# used cars in Spain



## midber (Oct 12, 2012)

Hi,
I'm new to the site, wondering if anyone can recommend a used car dealer in the Denia region, looking to buy a spanish car, as realised it's not the best idea to keep a british one here. Looking for a diesel in the region of 4000 euro. Thanks for any advice


----------



## baldilocks (Mar 7, 2010)

AutoScout24: Coches de ocasión, vehículos usados, coche segunda mano is a website that lists used cars from all over just input your requirements and see what comes up.


----------



## Iberican (Feb 18, 2012)

Brilliant! Thanks for the link, Baldilocks, as I'll be looking for a practical, economical second hand car/van soon after I arrive in a couple of weeks time.


----------



## spanish_lad (Sep 18, 2012)

MIL ANUNCIOS.COM: segunda mano, anuncios gratis, empleo, contactos, clasificados... Segundo Mano 

if its got no paperwork, or the papers are not in the sellers name.. walk away.


----------



## Iberican (Feb 18, 2012)

Another brilliant link! Thanks Spanish Lad.


----------



## whitenoiz (Sep 18, 2012)

yet another...

Coches.net: Coches nuevos, coches de ocasión, seminuevos, Km0. Todo sobre el mundo del motor.


----------



## Iberican (Feb 18, 2012)

Blimey, boys!!!
I don't believe it! Yet another excellent site! Thank you Whitenoiz. This is incredible and will be so useful for me getting a decent car - and for others, too, I'm sure.


----------



## baldilocks (Mar 7, 2010)

*Be aware*

If the ad quotes "IVA deducible" - you have to add the IVA to the price and be aware that the vehicle has been used in a commercial/working role. This means that, apart from the fact that you will have to add the IVA, your ITV will come round more frequently, often twice as frequently. It costs more than you could save by getting rematriculated as a prive vehicle (turismo).

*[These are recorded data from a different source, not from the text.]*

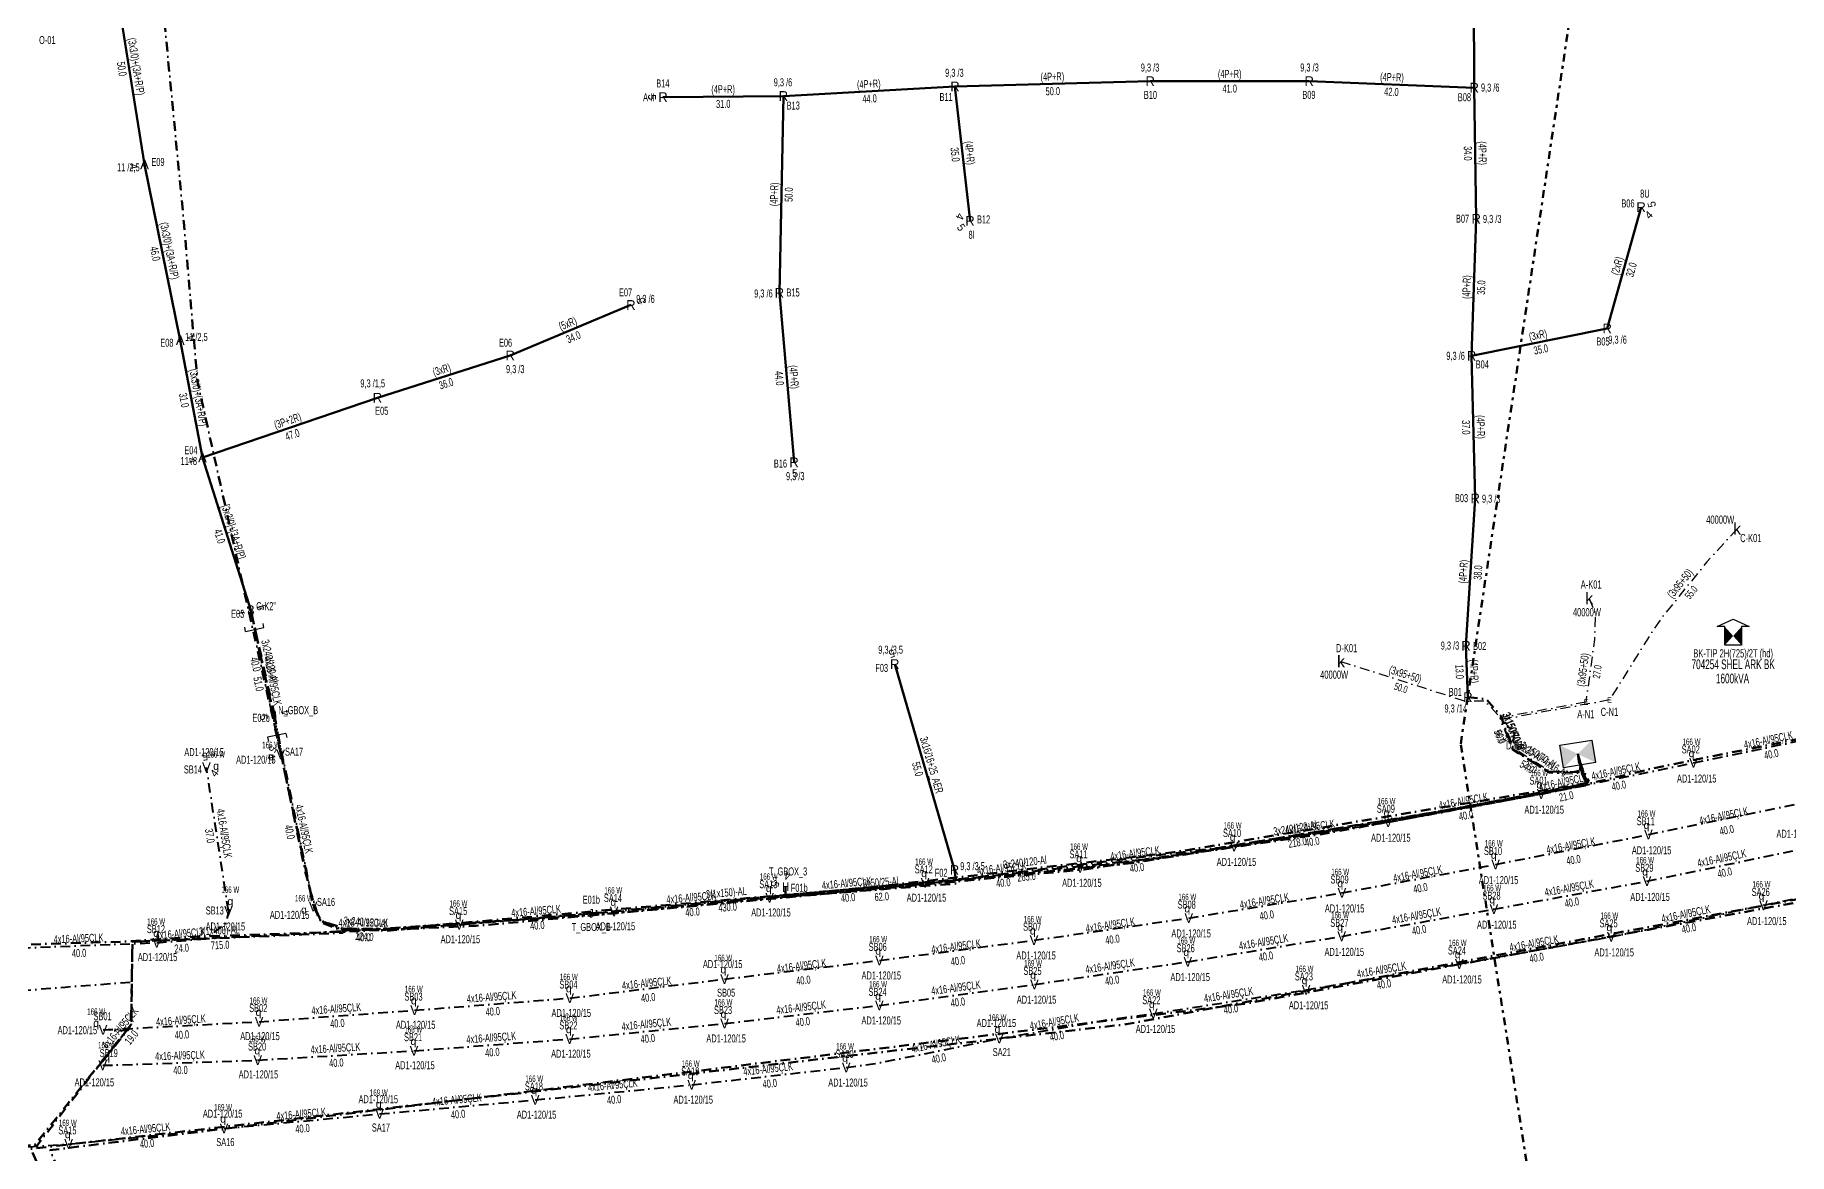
# Model space of a CAD drawing. Header units: millimetres. Extents: x 554556 to 559004, y 4084130 to 4087120.
# Drawn here: x 556513.2 to 556962.5, y 4085578.2 to 4085864.7 of the extents above; entities that cross this region are included whole.
import ezdxf
from ezdxf.enums import TextEntityAlignment as Align

# ---------------------------------------------------------------- set-up
doc = ezdxf.new("R2010")
doc.units = ezdxf.units.MM
doc.linetypes.add('DASHDOT', pattern=[5, 2.5, -1.25, 0, -1.25])
doc.linetypes.add('DASHEDXX', pattern=[5.05, 2, -1.175, 0.7, -1.175])
for name, color, linetype, lineweight in [('DIREK_AG_MEVCUT', 120, 'Continuous', 25), ('DIREK_AYD_YENI', 152, 'Continuous', 25), ('DIREK_BOX_MEVCUT', 5, 'Continuous', 25), ('DIREK_BOX_YENI', 5, 'Continuous', 25), ('DIREK_ENH_MEVCUT', 6, 'Continuous', 25), ('DIREK_OG_MEVCUT', 16, 'Continuous', 25), ('DIREK_OG_YENI', 10, 'Continuous', 25), ('HAT_ABONE_YERALTI_MEVCUT', 56, 'DASHDOT', 30), ('HAT_ABONE_YERALTI_YENI', 30, 'DASHDOT', 30), ('HAT_AG_HAVAI_MEVCUT', 126, 'Continuous', 50), ('HAT_AG_HAVAI_YENI', 3, 'Continuous', 50), ('HAT_AG_YERALTI_YENI', 3, 'DASHDOT', 50), ('HAT_AYD_YERALTI_YENI', 4, 'DASHDOT', 40), ('HAT_BOX_YERALTI_YENI', 5, 'DASHDOT', 50), ('HAT_ENH_YERALTI_YENI', 6, 'DASHDOT', 70), ('HAT_OG_HAVAI_BYSK', 1, 'Continuous', 70), ('HAT_OG_HAVAI_MEVCUT', 48, 'Continuous', 70), ('HAT_OG_YERALTI_MEVCUT', 48, 'DASHDOT', 70), ('HAT_OG_YERALTI_YENI', 1, 'DASHDOT', 70), ('KOFRE_ABONE_MEVCUT', 6, 'Continuous', 25), ('NODE_ABONE_YENI', 5, 'Continuous', 25), ('TRAFO_TADILAT_BYSK', 5, 'Continuous', 30)]:
    doc.layers.add(name, color=color, linetype=linetype, lineweight=lineweight)
for name, color, linetype in [('GER_DUS_NOD_ISIM', 5, 'Continuous'), ('LAMBA_GUCU', 4, 'Continuous'), ('NIA_AG', 5, 'Continuous')]:
    doc.layers.add(name, color=color, linetype=linetype)
doc.styles.add('Direk', font='B_CAD')
doc.styles.get("Standard").update_dxf_attribs({"font": 'Arial'})

# ---------------------------------------------------------------- blocks, each defined once
blk = doc.blocks.new('YIKYENYAP_BINA_KARE')
at = {"layer": 'TRAFO_TADILAT_BYSK', "linetype": 'Continuous'}
for p, q in [((0, 1.8), (0, 2.7)), ((-2.25, -2.25), (-2.25, 2.25)), ((-2.25, 2.25), (2.25, 2.25)), ((2.25, 2.25), (2.25, -2.25)), ((2.25, -2.25), (-2.25, -2.25))]:
    blk.add_line(p, q, dxfattribs=at)
for points in [[(-2.25, -2.25), (-2.25, 2.25), (0, 0)], [(0, 0), (2.25, -2.25), (2.25, 2.25)]]:
    blk.add_solid(points, dxfattribs=at)
blk = doc.blocks.new('YIKYENYAPBETKOSK')
at = {"layer": 'TRAFO_TADILAT_BYSK', "linetype": 'Continuous'}
for p, q in [((-3.4, 2), (0, 3.6)), ((-1.8, 2), (-3.4, 2)), ((-1.8, -2), (-1.8, 2)), ((0, 3.6), (3.4, 2)), ((1.8, 2), (1.8, -2)), ((3.4, 2), (1.8, 2)), ((1.8, -2), (-1.8, -2))]:
    blk.add_line(p, q, dxfattribs=at)
for points in [[(-1.8, -2), (-1.8, 2), (0, 0)], [(0, 0), (1.8, -2), (1.8, 2)]]:
    blk.add_solid(points, dxfattribs=at)
blk = doc.blocks.new('AG_NIA', base_point=(-64.4296, 129.8924))
at = {"layer": 'NIA_AG'}
for p, q in [((-64.429604, 132.292432), (-65.529604, 132.292432)), ((-64.429604, 127.492432), (-64.429604, 132.292432)), ((-64.429604, 127.492432), (-65.529604, 127.492432))]:
    blk.add_line(p, q, dxfattribs=at)

msp = doc.modelspace()

# ---------------------------------------------------------------- linework, layer by layer
at = {"color": 2, "linetype": 'DASHEDXX', "lineweight": 60}
msp.add_lwpolyline([(556991.207702, 4084967.620734), (556878.407408, 4085683.123631), (557094.569701, 4087119.987295)], dxfattribs=at)
at = {"layer": 'HAT_ABONE_YERALTI_MEVCUT', "flags": 128}
for points in [[(556949.215, 4085738.221), (556941.485014, 4085729.784275), (556930.59523, 4085716.33776), (556927.565029, 4085712.07654), (556916.509138, 4085694.390133)], [(556911.338, 4085720.418), (556912.887495, 4085716.527148), (556912.698107, 4085709.898584), (556910.457702, 4085693.829815)], [(556847.743789, 4085704.280852), (556879.562703, 4085694.114065), (556884.569866, 4085694.186633), (556892.274902, 4085685.839172)]]:
    msp.add_lwpolyline(points, dxfattribs=at)
at = {"layer": 'HAT_ABONE_YERALTI_YENI', "flags": 128}
for points in [[(556910.457702, 4085693.829815), (556888.40248, 4085689.810911), (556891.592685, 4085681.674124), (556901.074993, 4085675.726131), (556907.15229, 4085675.467523), (556909.393562, 4085675.855435), (556908.394, 4085680.576)], [(556916.509138, 4085694.390133), (556888.704891, 4085689.389274), (556891.808192, 4085681.846529), (556901.074993, 4085676.070942), (556906.290262, 4085675.812334), (556909.221157, 4085676.243348), (556908.394, 4085680.576)], [(556892.274902, 4085685.839172), (556891.711268, 4085683.816722), (556893.236395, 4085681.263793), (556901.259886, 4085676.224245), (556906.763603, 4085676.025316), (556908.984982, 4085676.489485), (556908.394, 4085680.576)]]:
    msp.add_lwpolyline(points, dxfattribs=at)
at = {"layer": 'HAT_AG_HAVAI_MEVCUT'}
for p, q in [((556881.87, 4085851.18), (556881.77, 4085886)), ((556704.92, 4085849.05), (556674.07, 4085848.78)), ((556704.92, 4085849.05), (556703.9, 4085798.63)), ((556748.86, 4085851.48), (556704.92, 4085849.05)), ((556748.86, 4085851.48), (556798.88, 4085852.84)), ((556748.86, 4085851.48), (556752.72, 4085817.07)), ((556798.88, 4085852.84), (556839.6, 4085852.85)), ((556839.6, 4085852.85), (556881.87, 4085851.18)), ((556882.38, 4085817.61), (556881.87, 4085851.18)), ((556881.2, 4085782.51), (556882.38, 4085817.61)), ((556915.93, 4085789.53), (556924.62, 4085820.6)), ((556634.95, 4085782.6), (556665.85, 4085795.54)), ((556703.9, 4085798.63), (556707.65, 4085755.25)), ((556881.2, 4085782.51), (556915.93, 4085789.53)), ((556600.94, 4085771.78), (556634.95, 4085782.6)), ((556882.12, 4085746.01), (556881.2, 4085782.51)), ((556556.1, 4085756.46), (556600.94, 4085771.78)), ((556879.76, 4085708.28), (556882.12, 4085746.01)), ((556880.25, 4085695.11), (556879.76, 4085708.28))]:
    msp.add_line(p, q, dxfattribs=at)
at = {"layer": 'HAT_AG_HAVAI_YENI'}
msp.add_line((556733.45, 4085703.58), (556748.75, 4085650.87), dxfattribs=at)
at = {"layer": 'HAT_AG_YERALTI_YENI', "flags": 128}
msp.add_lwpolyline([(556880.25, 4085695.11), (556885.057189, 4085694.586784), (556888.653328, 4085690.316369), (556891.968519, 4085681.663159), (556900.846487, 4085676.044192), (556909.162559, 4085675.931813), (556909.218748, 4085676.662278), (556908.394, 4085680.576)], dxfattribs=at)
at = {"layer": 'HAT_AYD_YERALTI_YENI', "flags": 128}
for points in [[(556576.152087, 4085680.440774), (556568.507, 4085717.352)], [(556938.031225, 4085678.314726), (556977.129514, 4085686.400594)], [(556576.152087, 4085680.440774), (556584.462, 4085641.515)], [(556908.394, 4085680.576), (556909.74395, 4085675.758151), (556911.136457, 4085672.840518), (556899.016377, 4085670.314565)], [(556899.016377, 4085670.314565), (556938.031225, 4085678.314726)], [(556562.765467, 4085640.418057), (556557.127791, 4085677.136339)], [(556859.826276, 4085663.082726), (556899.016377, 4085670.314565)], [(556926.489232, 4085659.926041), (556965.77263, 4085668.0502)], [(556820.364733, 4085656.861333), (556859.826276, 4085663.082726)], [(556780.932752, 4085651.407397), (556809.523979, 4085655.249743), (556820.364733, 4085656.861333)], [(556887.334807, 4085652.277875), (556926.489232, 4085659.926041)], [(556926.121452, 4085647.984224), (556965.183651, 4085656.10785)], [(556741.197025, 4085647.55587), (556780.932752, 4085651.407397)], [(556847.979691, 4085644.980461), (556887.334807, 4085652.277875)], [(556701.392291, 4085643.742421), (556741.197025, 4085647.55587)], [(556886.920255, 4085640.84102), (556926.121452, 4085647.984224)], [(556955.967377, 4085641.814412), (556994.978263, 4085650.07926)], [(556661.555478, 4085640.205016), (556701.392291, 4085643.742421)], [(556808.753977, 4085638.539128), (556847.979691, 4085644.980461)], [(556544.39965, 4085632.232459), (556556.872988, 4085633.223035), (556562.059748, 4085637.089529), (556563.144253, 4085641.050328), (556562.765467, 4085640.418057)], [(556584.462, 4085641.515), (556586.545675, 4085637.441388), (556591.481972, 4085635.488331), (556603.154379, 4085635.502007), (556621.880942, 4085636.856694)], [(556621.880942, 4085636.856694), (556661.555478, 4085640.205016)], [(556769.108794, 4085632.863627), (556808.753977, 4085638.539128)], [(556847.918702, 4085633.861185), (556886.920255, 4085640.84102)], [(556916.951419, 4085633.764026), (556955.967377, 4085641.814412)], [(556808.500839, 4085627.368783), (556847.918702, 4085633.861185)], [(556878.049668, 4085626.790403), (556916.951419, 4085633.764026)], [(556504.46559, 4085630.714362), (556544.39965, 4085632.232459)], [(556729.513762, 4085627.703489), (556769.108794, 4085632.863627)], [(556689.829387, 4085622.922238), (556729.513762, 4085627.703489)], [(556769.215, 4085621.552), (556808.500839, 4085627.368783)], [(556838.807357, 4085620.147679), (556878.049668, 4085626.790403)], [(556195.402, 4085610.007), (556194.332268, 4085613.809867), (556194.276446, 4085620.675876), (556253.223645, 4085620.675876), (556332.287012, 4085618.270841), (556384.776784, 4085616.818903), (556432.416125, 4085616.204929), (556449.218309, 4085616.484035), (556489.934881, 4085618.435929), (556520.971474, 4085620.892062), (556538.082538, 4085622.174161), (556537.635968, 4085610.507528), (556536.966113, 4085609.67021), (556530.648687, 4085609.912234)], [(556650.198756, 4085618.048548), (556689.829387, 4085622.922238)], [(556729.485942, 4085616.17923), (556769.215, 4085621.552)], [(556799.664109, 4085614.058348), (556838.807357, 4085620.147679)], [(556610.439048, 4085614.945754), (556650.198756, 4085618.048548)], [(556689.83459, 4085611.534226), (556729.485942, 4085616.17923)], [(556530.648687, 4085609.912234), (556570.618053, 4085612.003155)], [(556570.618053, 4085612.003155), (556610.439048, 4085614.945754)], [(556650.155736, 4085607.576747), (556689.83459, 4085611.534226)], [(556760.217, 4085607.679), (556789.058079, 4085612.662818), (556799.664109, 4085614.058348)], [(556530.648687, 4085609.912234), (556537.399327, 4085610.313027), (556535.542594, 4085608.065403), (556530.188957, 4085601.344899), (556530.556246, 4085600.837898)], [(556610.289, 4085604.561), (556650.155736, 4085607.576747)], [(556721.004837, 4085600.278082), (556728.436154, 4085601.266225), (556760.217, 4085607.679)], [(556530.556246, 4085600.837898), (556570.273976, 4085602.157173)], [(556570.273976, 4085602.157173), (556610.289, 4085604.561)], [(556681.421378, 4085595.846948), (556721.004837, 4085600.278082)], [(556641.341865, 4085591.980454), (556681.421378, 4085595.846948)], [(556601.496355, 4085588.396327), (556641.341865, 4085591.980454)], [(556521.828075, 4085580.690057), (556561.641885, 4085584.679597)], [(556561.641885, 4085584.679597), (556601.496355, 4085588.396327)], [(556480.981775, 4085578.236954), (556511.44471, 4085579.934593), (556521.828075, 4085580.690057)]]:
    msp.add_lwpolyline(points, dxfattribs=at)
at = {"layer": 'HAT_BOX_YERALTI_YENI', "flags": 128}
for points in [[(556574.574, 4085690.534), (556568.507, 4085717.352)], [(556574.574, 4085690.534), (556577.852781, 4085672.960824), (556582.235719, 4085651.383643), (556584.785719, 4085641.422705), (556586.459156, 4085637.836768), (556591.957594, 4085636.083643), (556603.432594, 4085635.286768), (556655.708171, 4085639.761471)], [(556655.708171, 4085639.761471), (556728.908837, 4085646.607041), (556805.037402, 4085655.397716), (556910.656704, 4085673.104572), (556908.394, 4085680.576)], [(556705.49, 4085646.59), (556705.465106, 4085643.970458), (556742.141467, 4085647.436438), (556761.516904, 4085649.738864), (556801.632695, 4085654.013539), (556870.895199, 4085665.525257), (556908.040133, 4085672.233372), (556911.244008, 4085673.534947), (556909.441828, 4085677.039186), (556908.394, 4085680.576)], [(556748.75, 4085650.87), (556749.211589, 4085647.395659), (556710.723703, 4085644.393604), (556704.642617, 4085643.931749), (556705.49, 4085646.59)]]:
    msp.add_lwpolyline(points, dxfattribs=at)
at = {"layer": 'HAT_ENH_YERALTI_YENI', "flags": 128}
msp.add_lwpolyline([(556011.951245, 4085555.697078), (556013.338518, 4085556.324654), (556013.582355, 4085563.110998), (556049.522626, 4085566.674968), (556088.960394, 4085570.57909), (556120.164944, 4085572.552971), (556160.166226, 4085573.9257), (556183.161659, 4085575.000359), (556214.97586, 4085574.913041), (556243.169523, 4085576.365454), (556294.285573, 4085576.529686), (556345.980928, 4085577.157556), (556377.60759, 4085577.356103), (556412.031458, 4085577.562454), (556442.324714, 4085577.820158), (556476.708571, 4085578.63504), (556494.740897, 4085579.002957), (556503.105968, 4085579.687017), (556513.171415, 4085580.468799), (556537.854286, 4085611.259616), (556538.164158, 4085632.507743), (556564.776655, 4085633.588578), (556581.523018, 4085634.314254), (556590.398591, 4085634.705003), (556592.178997, 4085634.773115), (556591.833209, 4085635.840548), (556586.481007, 4085637.764935), (556584.391243, 4085642.395492), (556575.933183, 4085681.766455), (556565.676679, 4085727.330025), (556554.833825, 4085775.893888), (556551.34729, 4085816.71952), (556534.947616, 4085986.12531), (556535.362463, 4086112.479782), (556537.641782, 4086257.492795), (556543.625782, 4086513.766446), (556686.577519, 4086543.365235), (556735.656701, 4086551.22359), (556697.267721, 4086650.036469), (556593.937797, 4086843.386646), (556542.76659, 4086928.708658), (556514.237245, 4086977.948445), (556481.08281, 4087038.836242), (556523.013152, 4087042.662585), (556536.104749, 4087041.216777)], dxfattribs=at)
at = {"layer": 'HAT_OG_HAVAI_BYSK'}
msp.add_line((556556.1, 4085756.46), (556568.507, 4085717.352), dxfattribs=at)
at = {"layer": 'HAT_OG_HAVAI_MEVCUT'}
for p, q in [((556541.27, 4085831.54), (556533.36, 4085881.05)), ((556550.42, 4085786.55), (556541.27, 4085831.54)), ((556556.1, 4085756.46), (556550.42, 4085786.55))]:
    msp.add_line(p, q, dxfattribs=at)
at = {"layer": 'HAT_OG_YERALTI_MEVCUT', "flags": 128}
for points in [[(556987.792523, 4084153.935905), (556775.918808, 4084986.16008), (556512.123138, 4085579.47159), (556792.689258, 4085611.346143), (557226.219593, 4085692.029726), (557206.690577, 4085739.108603), (557148.697505, 4085843.496067), (557213.299786, 4085876.608492), (557685.692326, 4085871.60311), (557686.248507, 4085911.091982), (557685.971198, 4085940.814557), (557689.308286, 4085950.408685), (557711.122964, 4085974.723149), (557718.909502, 4085978.477373), (557891.447271, 4085977.850507), (558045.556668, 4085976.85727), (558084.405964, 4085993.507069), (558123.413739, 4085916.196477), (558145.900454, 4085873.264276), (558159.99965, 4085863.394839), (558168.782239, 4085838.83418), (558182.151982, 4085846.962984), (558192.63386, 4085848.353437), (558216.057649, 4085852.096965), (558286.691157, 4085862.354931), (558304.660091, 4085866.098459), (558328.725628, 4085875.189884), (558421.260109, 4085908.206532), (558443.86582, 4085987.326521), (558455.232825, 4086025.698675), (558442.774305, 4086138.44626), (558419.136052, 4086141.322895)], [(557473.457977, 4085780.413567), (557211.572831, 4085730.739025), (557226.219593, 4085690.634796), (556823.162732, 4085616.60019), (556517.026915, 4085579.12132), (556757.303957, 4085020.729943), (556987.792523, 4084153.935905)]]:
    msp.add_lwpolyline(points, dxfattribs=at)
at = {"layer": 'HAT_OG_YERALTI_YENI', "flags": 128}
for points in [[(556908.394, 4085680.576), (556909.508278, 4085676.18837), (556911.116978, 4085672.931733), (556927.714057, 4085676.894629), (557092.798113, 4085710.297506), (557346.853042, 4085762.15357), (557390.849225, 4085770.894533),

The best way to select a vehicle in Spain is, in the area you will be living, look around and see what are the most popular vehicles/colours (white relects the heat in summer) - the most popular are likely to be the ones that are most suitable for that area.


----------



## Iberican (Feb 18, 2012)

Thank you, Baldilocks, I wouldn't have known that - got a lot to learn about living in Spain. I'm very impressed by all the good advice on this site.


----------



## malagaman2005 (Apr 23, 2008)

baldilocks said:


> If the ad quotes "IVA deducible" - you have to add the IVA to the price and be aware that the vehicle has been used in a commercial/working role. This means that, apart from the fact that you will have to add the IVA, your ITV will come round more frequently, often twice as frequently. It costs more than you could save by getting rematriculated as a prive vehicle (turismo).
> 
> The best way to select a vehicle in Spain is, in the area you will be living, look around and see what are the most popular vehicles/colours (white relects the heat in summer) - the most popular are likely to be the ones that are most suitable for that area.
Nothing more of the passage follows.